**SOURCE INFORMATION**.
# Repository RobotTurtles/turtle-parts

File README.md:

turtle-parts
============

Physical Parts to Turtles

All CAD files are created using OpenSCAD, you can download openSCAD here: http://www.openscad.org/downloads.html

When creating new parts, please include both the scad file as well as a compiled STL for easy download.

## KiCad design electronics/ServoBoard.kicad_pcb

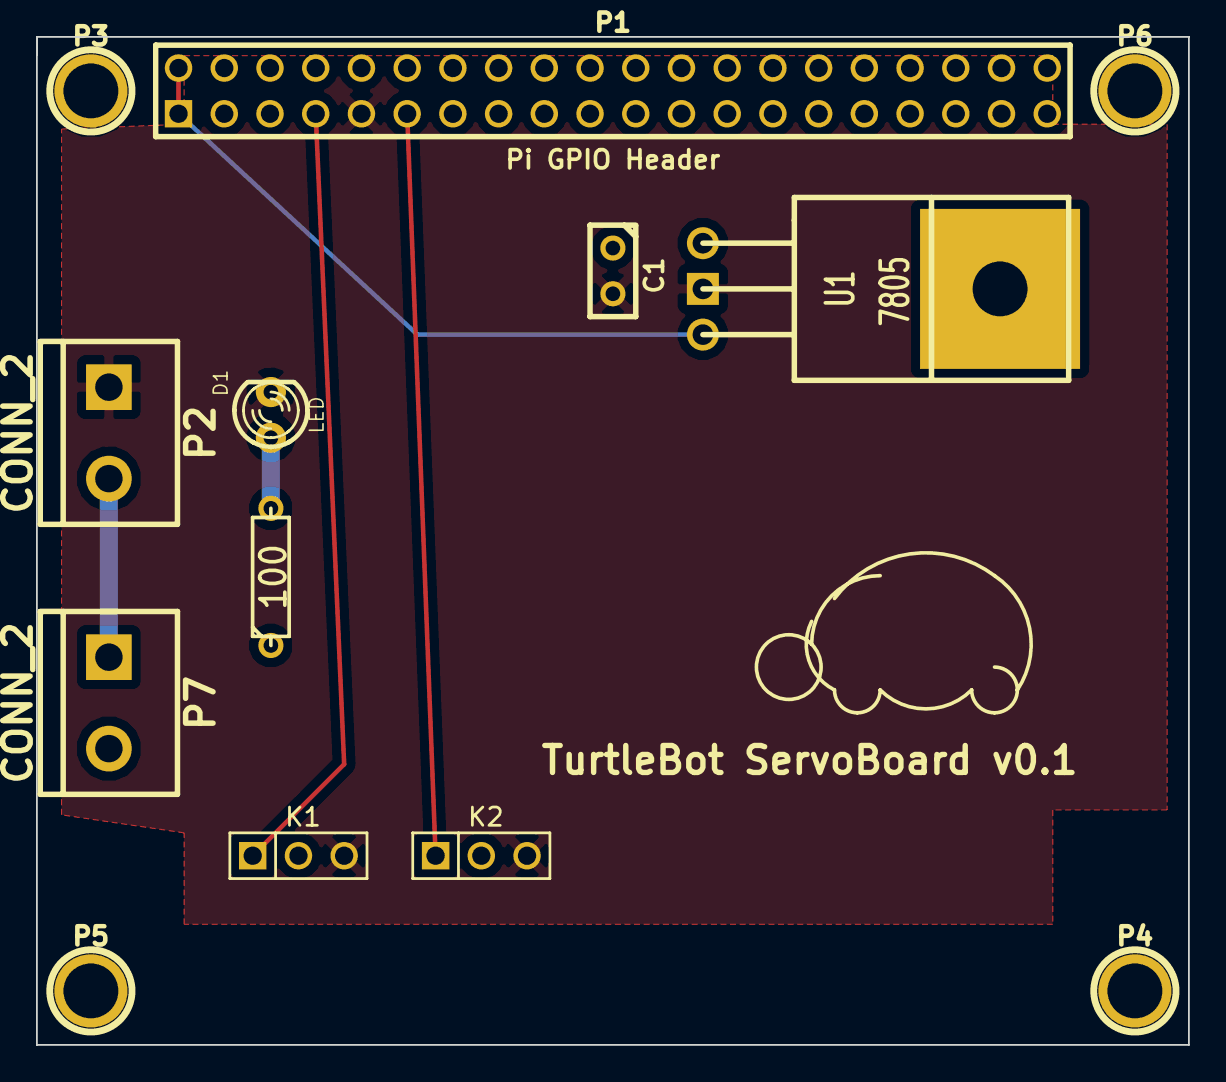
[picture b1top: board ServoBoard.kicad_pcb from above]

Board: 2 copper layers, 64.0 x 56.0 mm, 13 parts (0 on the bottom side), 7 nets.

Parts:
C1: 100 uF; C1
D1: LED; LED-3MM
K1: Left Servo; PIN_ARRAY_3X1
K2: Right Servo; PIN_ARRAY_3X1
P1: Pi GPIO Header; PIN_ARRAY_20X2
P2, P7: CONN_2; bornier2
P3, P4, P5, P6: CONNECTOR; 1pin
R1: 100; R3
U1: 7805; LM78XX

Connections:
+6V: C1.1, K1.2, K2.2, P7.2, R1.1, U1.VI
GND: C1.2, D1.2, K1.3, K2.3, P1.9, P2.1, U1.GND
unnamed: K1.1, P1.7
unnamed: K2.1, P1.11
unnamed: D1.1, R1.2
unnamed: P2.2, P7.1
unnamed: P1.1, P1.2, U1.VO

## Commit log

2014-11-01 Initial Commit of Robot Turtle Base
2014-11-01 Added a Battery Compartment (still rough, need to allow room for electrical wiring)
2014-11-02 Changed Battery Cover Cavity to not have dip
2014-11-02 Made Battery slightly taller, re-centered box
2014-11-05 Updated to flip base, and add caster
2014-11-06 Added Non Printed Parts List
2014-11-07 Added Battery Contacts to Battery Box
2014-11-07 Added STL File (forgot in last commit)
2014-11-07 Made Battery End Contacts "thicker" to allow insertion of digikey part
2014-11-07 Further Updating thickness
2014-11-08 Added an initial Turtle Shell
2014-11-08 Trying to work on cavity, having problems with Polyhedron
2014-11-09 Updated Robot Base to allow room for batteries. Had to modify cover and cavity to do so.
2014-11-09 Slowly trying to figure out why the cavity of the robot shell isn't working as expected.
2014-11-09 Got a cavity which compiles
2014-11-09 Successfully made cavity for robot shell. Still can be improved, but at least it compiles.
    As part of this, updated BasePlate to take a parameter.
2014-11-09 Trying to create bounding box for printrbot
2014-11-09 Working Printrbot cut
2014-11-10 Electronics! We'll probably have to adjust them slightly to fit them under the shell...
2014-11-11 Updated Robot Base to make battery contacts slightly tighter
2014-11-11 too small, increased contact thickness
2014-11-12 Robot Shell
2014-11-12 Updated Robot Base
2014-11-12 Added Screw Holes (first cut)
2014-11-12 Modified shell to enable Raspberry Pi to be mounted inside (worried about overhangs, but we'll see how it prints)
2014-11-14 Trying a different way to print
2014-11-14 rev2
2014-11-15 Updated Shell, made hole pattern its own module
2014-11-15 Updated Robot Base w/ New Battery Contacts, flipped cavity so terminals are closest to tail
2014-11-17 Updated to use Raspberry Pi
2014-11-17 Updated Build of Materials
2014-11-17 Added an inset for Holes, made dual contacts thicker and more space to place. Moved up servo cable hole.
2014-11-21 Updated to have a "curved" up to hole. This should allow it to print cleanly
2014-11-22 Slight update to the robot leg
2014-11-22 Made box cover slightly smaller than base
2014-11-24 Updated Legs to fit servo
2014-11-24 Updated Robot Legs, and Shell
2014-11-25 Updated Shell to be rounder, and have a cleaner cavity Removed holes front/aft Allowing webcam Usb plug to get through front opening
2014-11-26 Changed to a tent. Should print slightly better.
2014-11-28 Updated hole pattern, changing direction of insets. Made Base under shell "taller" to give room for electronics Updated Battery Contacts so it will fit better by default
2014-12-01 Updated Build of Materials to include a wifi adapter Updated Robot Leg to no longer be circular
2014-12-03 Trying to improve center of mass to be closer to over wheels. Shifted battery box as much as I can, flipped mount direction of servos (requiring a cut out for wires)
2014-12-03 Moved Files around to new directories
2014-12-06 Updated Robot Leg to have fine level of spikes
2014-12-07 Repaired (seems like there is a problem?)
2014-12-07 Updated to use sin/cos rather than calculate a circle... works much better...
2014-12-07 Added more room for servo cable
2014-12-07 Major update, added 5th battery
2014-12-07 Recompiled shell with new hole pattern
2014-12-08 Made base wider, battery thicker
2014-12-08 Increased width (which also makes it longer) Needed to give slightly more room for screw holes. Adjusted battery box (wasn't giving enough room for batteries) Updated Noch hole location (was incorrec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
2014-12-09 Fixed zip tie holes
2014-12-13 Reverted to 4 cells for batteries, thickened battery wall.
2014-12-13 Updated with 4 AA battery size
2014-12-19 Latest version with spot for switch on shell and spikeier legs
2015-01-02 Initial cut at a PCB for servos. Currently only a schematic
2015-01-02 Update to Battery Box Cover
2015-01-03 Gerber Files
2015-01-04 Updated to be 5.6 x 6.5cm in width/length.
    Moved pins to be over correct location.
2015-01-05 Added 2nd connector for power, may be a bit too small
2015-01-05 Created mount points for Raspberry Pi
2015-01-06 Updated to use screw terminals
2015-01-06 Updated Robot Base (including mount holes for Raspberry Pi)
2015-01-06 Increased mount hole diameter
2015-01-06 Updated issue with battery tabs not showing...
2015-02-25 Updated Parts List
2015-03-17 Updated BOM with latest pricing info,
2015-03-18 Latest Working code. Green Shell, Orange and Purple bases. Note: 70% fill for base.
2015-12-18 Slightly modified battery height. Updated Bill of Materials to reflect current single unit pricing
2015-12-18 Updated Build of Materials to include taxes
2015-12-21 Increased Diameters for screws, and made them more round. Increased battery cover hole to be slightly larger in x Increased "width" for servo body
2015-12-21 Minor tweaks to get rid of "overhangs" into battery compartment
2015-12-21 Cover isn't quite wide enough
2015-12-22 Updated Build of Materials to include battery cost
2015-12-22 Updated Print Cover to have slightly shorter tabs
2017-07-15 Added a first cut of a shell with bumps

**YOUR GOAL**.
Reproduce only the lines above spanning from the line containing "2014-11-11 Updated Robot" through the line containing "2014-11-24 Updated Legs to fit servo", word for word.

**ANSWER BOX**.
2014-11-11 Updated Robot Base to make battery contacts slightly tighter
2014-11-11 too small, increased contact thickness
2014-11-12 Robot Shell
2014-11-12 Updated Robot Base
2014-11-12 Added Screw Holes (first cut)
2014-11-12 Modified shell to enable Raspberry Pi to be mounted inside (worried about overhangs, but we'll see how it prints)
2014-11-14 Trying a different way to print
2014-11-14 rev2
2014-11-15 Updated Shell, made hole pattern its own module
2014-11-15 Updated Robot Base w/ New Battery Contacts, flipped cavity so terminals are closest to tail
2014-11-17 Updated to use Raspberry Pi
2014-11-17 Updated Build of Materials
2014-11-17 Added an inset for Holes, made dual contacts thicker and more space to place. Moved up servo cable hole.
2014-11-21 Updated to have a "curved" up to hole. This should allow it to print cleanly
2014-11-22 Slight update to the robot leg
2014-11-22 Made box cover slightly smaller than base
2014-11-24 Updated Legs to fit servo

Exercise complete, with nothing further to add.